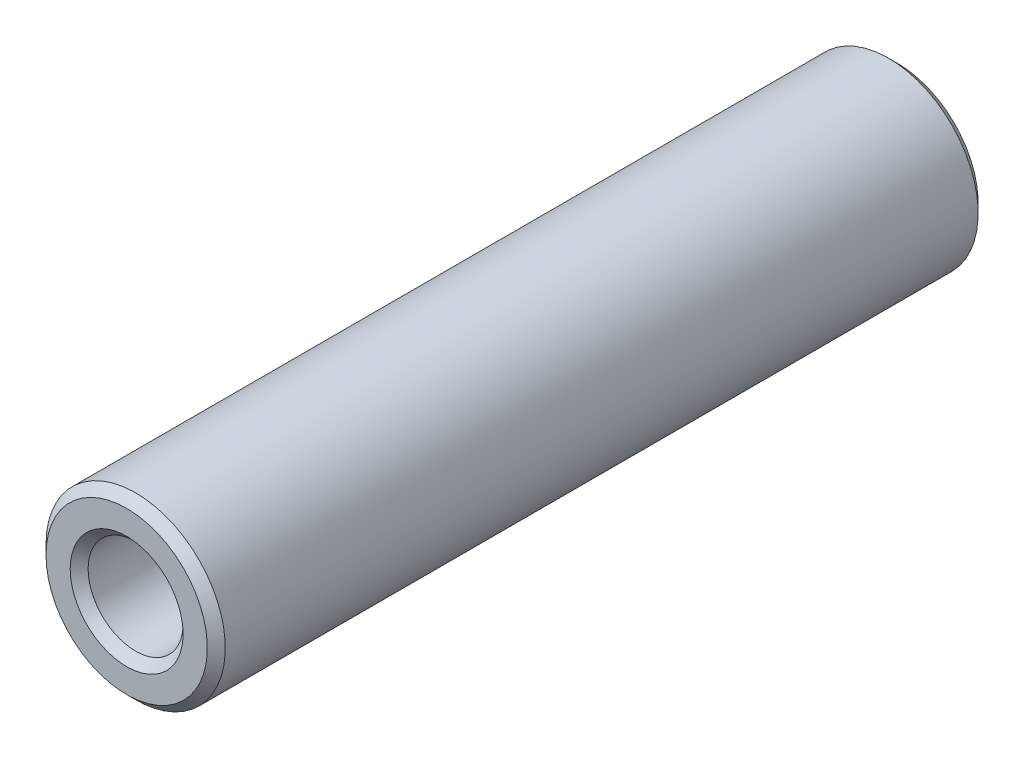
ISO-10303-21;
HEADER;
FILE_DESCRIPTION(('STEP AP214'),'2;1');
FILE_NAME('part.step','',(''),(''),'','','');
FILE_SCHEMA(('AUTOMOTIVE_DESIGN { 1 0 10303 214 1 1 1 1 }'));
ENDSEC;
DATA;
#1=APPLICATION_CONTEXT('core data for automotive mechanical design processes');
#2=APPLICATION_PROTOCOL_DEFINITION('international standard','automotive_design',2000,#1);
#3=PRODUCT_CONTEXT('',#1,'mechanical');
#4=PRODUCT('Part','Part','',(#3));
#5=PRODUCT_RELATED_PRODUCT_CATEGORY('part','',(#4));
#6=PRODUCT_DEFINITION_FORMATION('','',#4);
#7=PRODUCT_DEFINITION_CONTEXT('part definition',#1,'design');
#8=PRODUCT_DEFINITION('design','',#6,#7);
#9=PRODUCT_DEFINITION_SHAPE('','',#8);
#10=(LENGTH_UNIT() NAMED_UNIT(*) SI_UNIT(.MILLI.,.METRE.));
#11=(NAMED_UNIT(*) PLANE_ANGLE_UNIT() SI_UNIT($,.RADIAN.));
#12=(NAMED_UNIT(*) SI_UNIT($,.STERADIAN.) SOLID_ANGLE_UNIT());
#13=UNCERTAINTY_MEASURE_WITH_UNIT(LENGTH_MEASURE(1.E-05),#10,'distance_accuracy_value','');
#14=(GEOMETRIC_REPRESENTATION_CONTEXT(3) GLOBAL_UNCERTAINTY_ASSIGNED_CONTEXT((#13)) GLOBAL_UNIT_ASSIGNED_CONTEXT((#10,
#11,#12)) REPRESENTATION_CONTEXT('',''));
#15=CARTESIAN_POINT('',(0.,0.,0.));
#16=DIRECTION('',(0.,0.,1.));
#17=DIRECTION('',(1.,0.,0.));
#18=AXIS2_PLACEMENT_3D('',#15,#16,#17);
#19=CARTESIAN_POINT('',(0.,0.,13.));
#20=DIRECTION('',(0.,0.,-1.));
#21=DIRECTION('',(-1.,0.,0.));
#22=AXIS2_PLACEMENT_3D('',#19,#20,#21);
#23=PLANE('',#22);
#24=CARTESIAN_POINT('',(0.,0.,13.));
#25=DIRECTION('',(0.,0.,-1.));
#26=DIRECTION('',(-1.,0.,0.));
#27=AXIS2_PLACEMENT_3D('',#24,#25,#26);
#28=CIRCLE('',#27,4.5);
#29=CARTESIAN_POINT('',(-4.5,0.,13.));
#30=VERTEX_POINT('',#29);
#31=EDGE_CURVE('E13',#30,#30,#28,.F.);
#32=ORIENTED_EDGE('',*,*,#31,.T.);
#33=EDGE_LOOP('',(#32));
#34=FACE_BOUND('',#33,.T.);
#35=CARTESIAN_POINT('',(0.,0.,13.));
#36=DIRECTION('',(0.,0.,-1.));
#37=DIRECTION('',(-1.,0.,0.));
#38=AXIS2_PLACEMENT_3D('',#35,#36,#37);
#39=CIRCLE('',#38,3.15000000000001);
#40=CARTESIAN_POINT('',(-3.15000000000001,0.,13.));
#41=VERTEX_POINT('',#40);
#42=EDGE_CURVE('E150',#41,#41,#39,.T.);
#43=ORIENTED_EDGE('',*,*,#42,.T.);
#44=EDGE_LOOP('',(#43));
#45=FACE_BOUND('',#44,.T.);
#46=ADVANCED_FACE('F60',(#34,#45),#23,.F.);
#47=CARTESIAN_POINT('',(0.,0.,6.));
#48=DIRECTION('',(0.,0.,1.));
#49=DIRECTION('',(1.,0.,0.));
#50=AXIS2_PLACEMENT_3D('',#47,#48,#49);
#51=PLANE('',#50);
#52=DIRECTION('',(-1.,0.,0.));
#53=VECTOR('',#52,1.);
#54=CARTESIAN_POINT('',(-1.54919333848297,2.15,6.));
#55=LINE('',#54,#53);
#56=CARTESIAN_POINT('',(1.54919333848297,2.15,6.));
#57=VERTEX_POINT('',#56);
#58=CARTESIAN_POINT('',(-1.54919333848297,2.15,6.));
#59=VERTEX_POINT('',#58);
#60=EDGE_CURVE('E133',#57,#59,#55,.T.);
#61=ORIENTED_EDGE('',*,*,#60,.F.);
#62=CARTESIAN_POINT('',(0.,0.,6.));
#63=DIRECTION('',(0.,0.,1.));
#64=DIRECTION('',(1.,0.,0.));
#65=AXIS2_PLACEMENT_3D('',#62,#63,#64);
#66=CIRCLE('',#65,2.65);
#67=EDGE_CURVE('E85',#57,#59,#66,.T.);
#68=ORIENTED_EDGE('',*,*,#67,.T.);
#69=EDGE_LOOP('',(#61,#68));
#70=FACE_BOUND('',#69,.T.);
#71=ADVANCED_FACE('F198',(#70),#51,.T.);
#72=CARTESIAN_POINT('',(0.,0.,6.));
#73=DIRECTION('',(0.,0.,-1.));
#74=DIRECTION('',(-1.,0.,0.));
#75=AXIS2_PLACEMENT_3D('',#72,#73,#74);
#76=CYLINDRICAL_SURFACE('',#75,2.65);
#77=CARTESIAN_POINT('',(0.,0.,12.5));
#78=DIRECTION('',(0.,0.,-1.));
#79=DIRECTION('',(-1.,0.,0.));
#80=AXIS2_PLACEMENT_3D('',#77,#78,#79);
#81=CIRCLE('',#80,2.65);
#82=CARTESIAN_POINT('',(-2.65,0.,12.5));
#83=VERTEX_POINT('',#82);
#84=EDGE_CURVE('E154',#83,#83,#81,.F.);
#85=ORIENTED_EDGE('',*,*,#84,.T.);
#86=EDGE_LOOP('',(#85));
#87=FACE_BOUND('',#86,.T.);
#88=CARTESIAN_POINT('',(0.,0.,0.));
#89=DIRECTION('',(0.,0.,1.));
#90=DIRECTION('',(1.,0.,0.));
#91=AXIS2_PLACEMENT_3D('',#88,#89,#90);
#92=CIRCLE('',#91,2.65);
#93=CARTESIAN_POINT('',(-1.54919333848297,2.15,0.));
#94=VERTEX_POINT('',#93);
#95=CARTESIAN_POINT('',(1.54919333848297,2.15,0.));
#96=VERTEX_POINT('',#95);
#97=EDGE_CURVE('E132',#94,#96,#92,.T.);
#98=ORIENTED_EDGE('',*,*,#97,.F.);
#99=DIRECTION('',(0.,0.,-1.));
#100=VECTOR('',#99,1.);
#101=CARTESIAN_POINT('',(-1.54919333848297,2.15,6.));
#102=LINE('',#101,#100);
#103=EDGE_CURVE('E137',#59,#94,#102,.T.);
#104=ORIENTED_EDGE('',*,*,#103,.F.);
#105=ORIENTED_EDGE('',*,*,#67,.F.);
#106=DIRECTION('',(0.,0.,-1.));
#107=VECTOR('',#106,1.);
#108=CARTESIAN_POINT('',(1.54919333848297,2.15,6.));
#109=LINE('',#108,#107);
#110=EDGE_CURVE('E147',#57,#96,#109,.T.);
#111=ORIENTED_EDGE('',*,*,#110,.T.);
#112=EDGE_LOOP('',(#98,#104,#105,#111));
#113=FACE_BOUND('',#112,.T.);
#114=ADVANCED_FACE('F251',(#87,#113),#76,.F.);
#115=CARTESIAN_POINT('',(-1.54919333848297,2.15,6.));
#116=DIRECTION('',(0.,-1.,0.));
#117=DIRECTION('',(0.,0.,-1.));
#118=AXIS2_PLACEMENT_3D('',#115,#116,#117);
#119=PLANE('',#118);
#120=DIRECTION('',(-1.,0.,0.));
#121=VECTOR('',#120,1.);
#122=CARTESIAN_POINT('',(-1.54919333848297,2.15,0.));
#123=LINE('',#122,#121);
#124=EDGE_CURVE('E138',#96,#94,#123,.T.);
#125=ORIENTED_EDGE('',*,*,#124,.F.);
#126=ORIENTED_EDGE('',*,*,#110,.F.);
#127=ORIENTED_EDGE('',*,*,#60,.T.);
#128=ORIENTED_EDGE('',*,*,#103,.T.);
#129=EDGE_LOOP('',(#125,#126,#127,#128));
#130=FACE_BOUND('',#129,.T.);
#131=ADVANCED_FACE('F211',(#130),#119,.T.);
#132=CARTESIAN_POINT('',(0.,0.,0.));
#133=DIRECTION('',(0.,0.,-1.));
#134=DIRECTION('',(-1.,0.,0.));
#135=AXIS2_PLACEMENT_3D('',#132,#133,#134);
#136=PLANE('',#135);
#137=ORIENTED_EDGE('',*,*,#124,.T.);
#138=ORIENTED_EDGE('',*,*,#97,.T.);
#139=EDGE_LOOP('',(#137,#138));
#140=FACE_BOUND('',#139,.T.);
#141=ADVANCED_FACE('F203',(#140),#136,.F.);
#142=CARTESIAN_POINT('',(0.,0.,13.));
#143=DIRECTION('',(0.,0.,1.));
#144=DIRECTION('',(1.,0.,0.));
#145=AXIS2_PLACEMENT_3D('',#142,#143,#144);
#146=CONICAL_SURFACE('',#145,3.15000000000001,0.785398163397451);
#147=ORIENTED_EDGE('',*,*,#84,.F.);
#148=EDGE_LOOP('',(#147));
#149=FACE_BOUND('',#148,.T.);
#150=ORIENTED_EDGE('',*,*,#42,.F.);
#151=EDGE_LOOP('',(#150));
#152=FACE_BOUND('',#151,.T.);
#153=ADVANCED_FACE('F188',(#149,#152),#146,.F.);
#154=CARTESIAN_POINT('',(0.,0.,-30.));
#155=DIRECTION('',(0.,0.,1.));
#156=DIRECTION('',(1.,0.,0.));
#157=AXIS2_PLACEMENT_3D('',#154,#155,#156);
#158=CYLINDRICAL_SURFACE('',#157,5.);
#159=CARTESIAN_POINT('',(0.,0.,-29.5));
#160=DIRECTION('',(0.,0.,-1.));
#161=DIRECTION('',(-1.,0.,0.));
#162=AXIS2_PLACEMENT_3D('',#159,#160,#161);
#163=CIRCLE('',#162,5.);
#164=CARTESIAN_POINT('',(-5.,0.,-29.5));
#165=VERTEX_POINT('',#164);
#166=EDGE_CURVE('E170',#165,#165,#163,.F.);
#167=ORIENTED_EDGE('',*,*,#166,.T.);
#168=EDGE_LOOP('',(#167));
#169=FACE_BOUND('',#168,.T.);
#170=CARTESIAN_POINT('',(0.,0.,12.5));
#171=DIRECTION('',(0.,0.,-1.));
#172=DIRECTION('',(-1.,0.,0.));
#173=AXIS2_PLACEMENT_3D('',#170,#171,#172);
#174=CIRCLE('',#173,5.);
#175=CARTESIAN_POINT('',(-5.,0.,12.5));
#176=VERTEX_POINT('',#175);
#177=EDGE_CURVE('E166',#176,#176,#174,.T.);
#178=ORIENTED_EDGE('',*,*,#177,.T.);
#179=EDGE_LOOP('',(#178));
#180=FACE_BOUND('',#179,.T.);
#181=ADVANCED_FACE('F185',(#169,#180),#158,.T.);
#182=CARTESIAN_POINT('',(0.,0.,-15.));
#183=DIRECTION('',(0.,0.,-1.));
#184=DIRECTION('',(-1.,0.,0.));
#185=AXIS2_PLACEMENT_3D('',#182,#183,#184);
#186=PLANE('',#185);
#187=DIRECTION('',(-1.,0.,0.));
#188=VECTOR('',#187,1.);
#189=CARTESIAN_POINT('',(0.,2.15,-15.));
#190=LINE('',#189,#188);
#191=CARTESIAN_POINT('',(1.54919333848297,2.15,-15.));
#192=VERTEX_POINT('',#191);
#193=CARTESIAN_POINT('',(-1.54919333848297,2.15,-15.));
#194=VERTEX_POINT('',#193);
#195=EDGE_CURVE('E105',#192,#194,#190,.T.);
#196=ORIENTED_EDGE('',*,*,#195,.F.);
#197=CARTESIAN_POINT('',(0.,0.,-15.));
#198=DIRECTION('',(0.,0.,-1.));
#199=DIRECTION('',(-1.,0.,0.));
#200=AXIS2_PLACEMENT_3D('',#197,#198,#199);
#201=CIRCLE('',#200,2.65);
#202=EDGE_CURVE('E112',#192,#194,#201,.T.);
#203=ORIENTED_EDGE('',*,*,#202,.T.);
#204=EDGE_LOOP('',(#196,#203));
#205=FACE_BOUND('',#204,.T.);
#206=ADVANCED_FACE('F116',(#205),#186,.T.);
#207=CARTESIAN_POINT('',(0.,2.15,-15.));
#208=DIRECTION('',(0.,-1.,0.));
#209=DIRECTION('',(0.,0.,-1.));
#210=AXIS2_PLACEMENT_3D('',#207,#208,#209);
#211=PLANE('',#210);
#212=DIRECTION('',(-1.,0.,0.));
#213=VECTOR('',#212,1.);
#214=CARTESIAN_POINT('',(0.,2.15,-21.));
#215=LINE('',#214,#213);
#216=CARTESIAN_POINT('',(1.54919333848297,2.15,-21.));
#217=VERTEX_POINT('',#216);
#218=CARTESIAN_POINT('',(-1.54919333848297,2.15,-21.));
#219=VERTEX_POINT('',#218);
#220=EDGE_CURVE('E106',#217,#219,#215,.T.);
#221=ORIENTED_EDGE('',*,*,#220,.F.);
#222=DIRECTION('',(0.,0.,-1.));
#223=VECTOR('',#222,1.);
#224=CARTESIAN_POINT('',(1.54919333848297,2.15,-15.));
#225=LINE('',#224,#223);
#226=EDGE_CURVE('E102',#192,#217,#225,.T.);
#227=ORIENTED_EDGE('',*,*,#226,.F.);
#228=ORIENTED_EDGE('',*,*,#195,.T.);
#229=DIRECTION('',(0.,0.,-1.));
#230=VECTOR('',#229,1.);
#231=CARTESIAN_POINT('',(-1.54919333848297,2.15,-15.));
#232=LINE('',#231,#230);
#233=EDGE_CURVE('E77',#194,#219,#232,.T.);
#234=ORIENTED_EDGE('',*,*,#233,.T.);
#235=EDGE_LOOP('',(#221,#227,#228,#234));
#236=FACE_BOUND('',#235,.T.);
#237=ADVANCED_FACE('F104',(#236),#211,.T.);
#238=CARTESIAN_POINT('',(0.,0.,-21.));
#239=DIRECTION('',(0.,0.,-1.));
#240=DIRECTION('',(-1.,0.,0.));
#241=AXIS2_PLACEMENT_3D('',#238,#239,#240);
#242=PLANE('',#241);
#243=CARTESIAN_POINT('',(0.,0.,-21.));
#244=DIRECTION('',(0.,0.,-1.));
#245=DIRECTION('',(-1.,0.,0.));
#246=AXIS2_PLACEMENT_3D('',#243,#244,#245);
#247=CIRCLE('',#246,2.65);
#248=EDGE_CURVE('E126',#219,#217,#247,.T.);
#249=ORIENTED_EDGE('',*,*,#248,.T.);
#250=ORIENTED_EDGE('',*,*,#220,.T.);
#251=EDGE_LOOP('',(#249,#250));
#252=FACE_BOUND('',#251,.T.);
#253=ADVANCED_FACE('F237',(#252),#242,.T.);
#254=CARTESIAN_POINT('',(0.,0.,-21.));
#255=DIRECTION('',(0.,0.,-1.));
#256=DIRECTION('',(-1.,0.,0.));
#257=AXIS2_PLACEMENT_3D('',#254,#255,#256);
#258=CYLINDRICAL_SURFACE('',#257,2.65);
#259=CARTESIAN_POINT('',(0.,0.,-29.5));
#260=DIRECTION('',(0.,0.,-1.));
#261=DIRECTION('',(-1.,0.,0.));
#262=AXIS2_PLACEMENT_3D('',#259,#260,#261);
#263=CIRCLE('',#262,2.65);
#264=CARTESIAN_POINT('',(-2.65,0.,-29.5));
#265=VERTEX_POINT('',#264);
#266=EDGE_CURVE('E162',#265,#265,#263,.T.);
#267=ORIENTED_EDGE('',*,*,#266,.T.);
#268=EDGE_LOOP('',(#267));
#269=FACE_BOUND('',#268,.T.);
#270=ORIENTED_EDGE('',*,*,#248,.F.);
#271=ORIENTED_EDGE('',*,*,#233,.F.);
#272=ORIENTED_EDGE('',*,*,#202,.F.);
#273=ORIENTED_EDGE('',*,*,#226,.T.);
#274=EDGE_LOOP('',(#270,#271,#272,#273));
#275=FACE_BOUND('',#274,.T.);
#276=ADVANCED_FACE('F119',(#269,#275),#258,.F.);
#277=CARTESIAN_POINT('',(0.,0.,-29.5));
#278=DIRECTION('',(0.,0.,-1.));
#279=DIRECTION('',(-1.,0.,0.));
#280=AXIS2_PLACEMENT_3D('',#277,#278,#279);
#281=CONICAL_SURFACE('',#280,2.65,0.785398163397448);
#282=CARTESIAN_POINT('',(0.,0.,-30.));
#283=DIRECTION('',(0.,0.,-1.));
#284=DIRECTION('',(-1.,0.,0.));
#285=AXIS2_PLACEMENT_3D('',#282,#283,#284);
#286=CIRCLE('',#285,3.15);
#287=CARTESIAN_POINT('',(-3.15,0.,-30.));
#288=VERTEX_POINT('',#287);
#289=EDGE_CURVE('E158',#288,#288,#286,.F.);
#290=ORIENTED_EDGE('',*,*,#289,.F.);
#291=EDGE_LOOP('',(#290));
#292=FACE_BOUND('',#291,.T.);
#293=ORIENTED_EDGE('',*,*,#266,.F.);
#294=EDGE_LOOP('',(#293));
#295=FACE_BOUND('',#294,.T.);
#296=ADVANCED_FACE('F222',(#292,#295),#281,.F.);
#297=CARTESIAN_POINT('',(0.,0.,-30.));
#298=DIRECTION('',(0.,0.,-1.));
#299=DIRECTION('',(-1.,0.,0.));
#300=AXIS2_PLACEMENT_3D('',#297,#298,#299);
#301=PLANE('',#300);
#302=CARTESIAN_POINT('',(0.,0.,-30.));
#303=DIRECTION('',(0.,0.,-1.));
#304=DIRECTION('',(-1.,0.,0.));
#305=AXIS2_PLACEMENT_3D('',#302,#303,#304);
#306=CIRCLE('',#305,4.50000000000001);
#307=CARTESIAN_POINT('',(-4.50000000000001,0.,-30.));
#308=VERTEX_POINT('',#307);
#309=EDGE_CURVE('E70',#308,#308,#306,.T.);
#310=ORIENTED_EDGE('',*,*,#309,.T.);
#311=EDGE_LOOP('',(#310));
#312=FACE_BOUND('',#311,.T.);
#313=ORIENTED_EDGE('',*,*,#289,.T.);
#314=EDGE_LOOP('',(#313));
#315=FACE_BOUND('',#314,.T.);
#316=ADVANCED_FACE('F177',(#312,#315),#301,.T.);
#317=CARTESIAN_POINT('',(0.,0.,-29.5));
#318=DIRECTION('',(0.,0.,1.));
#319=DIRECTION('',(1.,0.,0.));
#320=AXIS2_PLACEMENT_3D('',#317,#318,#319);
#321=CONICAL_SURFACE('',#320,5.,0.785398163397454);
#322=ORIENTED_EDGE('',*,*,#309,.F.);
#323=EDGE_LOOP('',(#322));
#324=FACE_BOUND('',#323,.T.);
#325=ORIENTED_EDGE('',*,*,#166,.F.);
#326=EDGE_LOOP('',(#325));
#327=FACE_BOUND('',#326,.T.);
#328=ADVANCED_FACE('F180',(#324,#327),#321,.T.);
#329=CARTESIAN_POINT('',(0.,0.,13.));
#330=DIRECTION('',(0.,0.,-1.));
#331=DIRECTION('',(-1.,0.,0.));
#332=AXIS2_PLACEMENT_3D('',#329,#330,#331);
#333=CONICAL_SURFACE('',#332,4.5,0.785398163397444);
#334=ORIENTED_EDGE('',*,*,#177,.F.);
#335=EDGE_LOOP('',(#334));
#336=FACE_BOUND('',#335,.T.);
#337=ORIENTED_EDGE('',*,*,#31,.F.);
#338=EDGE_LOOP('',(#337));
#339=FACE_BOUND('',#338,.T.);
#340=ADVANCED_FACE('F63',(#336,#339),#333,.T.);
#341=CLOSED_SHELL('',(#46,#71,#114,#131,#141,#153,#181,#206,#237,#253,#276,#296,#316,#328,#340));
#342=MANIFOLD_SOLID_BREP('B2',#341);
#343=ADVANCED_BREP_SHAPE_REPRESENTATION('',(#18,#342),#14);
#344=SHAPE_DEFINITION_REPRESENTATION(#9,#343);
ENDSEC;
END-ISO-10303-21;

• _The problem_
Output the lines above between the one holding "#232=LINE('',#231,#230);" and the one holding "#280=AXIS2_PLACEMENT_3D('',#277,#278,#279);", inclusive, with nothing before or after them.

• _Solution for this task_
#232=LINE('',#231,#230);
#233=EDGE_CURVE('E77',#194,#219,#232,.T.);
#234=ORIENTED_EDGE('',*,*,#233,.T.);
#235=EDGE_LOOP('',(#221,#227,#228,#234));
#236=FACE_BOUND('',#235,.T.);
#237=ADVANCED_FACE('F104',(#236),#211,.T.);
#238=CARTESIAN_POINT('',(0.,0.,-21.));
#239=DIRECTION('',(0.,0.,-1.));
#240=DIRECTION('',(-1.,0.,0.));
#241=AXIS2_PLACEMENT_3D('',#238,#239,#240);
#242=PLANE('',#241);
#243=CARTESIAN_POINT('',(0.,0.,-21.));
#244=DIRECTION('',(0.,0.,-1.));
#245=DIRECTION('',(-1.,0.,0.));
#246=AXIS2_PLACEMENT_3D('',#243,#244,#245);
#247=CIRCLE('',#246,2.65);
#248=EDGE_CURVE('E126',#219,#217,#247,.T.);
#249=ORIENTED_EDGE('',*,*,#248,.T.);
#250=ORIENTED_EDGE('',*,*,#220,.T.);
#251=EDGE_LOOP('',(#249,#250));
#252=FACE_BOUND('',#251,.T.);
#253=ADVANCED_FACE('F237',(#252),#242,.T.);
#254=CARTESIAN_POINT('',(0.,0.,-21.));
#255=DIRECTION('',(0.,0.,-1.));
#256=DIRECTION('',(-1.,0.,0.));
#257=AXIS2_PLACEMENT_3D('',#254,#255,#256);
#258=CYLINDRICAL_SURFACE('',#257,2.65);
#259=CARTESIAN_POINT('',(0.,0.,-29.5));
#260=DIRECTION('',(0.,0.,-1.));
#261=DIRECTION('',(-1.,0.,0.));
#262=AXIS2_PLACEMENT_3D('',#259,#260,#261);
#263=CIRCLE('',#262,2.65);
#264=CARTESIAN_POINT('',(-2.65,0.,-29.5));
#265=VERTEX_POINT('',#264);
#266=EDGE_CURVE('E162',#265,#265,#263,.T.);
#267=ORIENTED_EDGE('',*,*,#266,.T.);
#268=EDGE_LOOP('',(#267));
#269=FACE_BOUND('',#268,.T.);
#270=ORIENTED_EDGE('',*,*,#248,.F.);
#271=ORIENTED_EDGE('',*,*,#233,.F.);
#272=ORIENTED_EDGE('',*,*,#202,.F.);
#273=ORIENTED_EDGE('',*,*,#226,.T.);
#274=EDGE_LOOP('',(#270,#271,#272,#273));
#275=FACE_BOUND('',#274,.T.);
#276=ADVANCED_FACE('F119',(#269,#275),#258,.F.);
#277=CARTESIAN_POINT('',(0.,0.,-29.5));
#278=DIRECTION('',(0.,0.,-1.));
#279=DIRECTION('',(-1.,0.,0.));
#280=AXIS2_PLACEMENT_3D('',#277,#278,#279);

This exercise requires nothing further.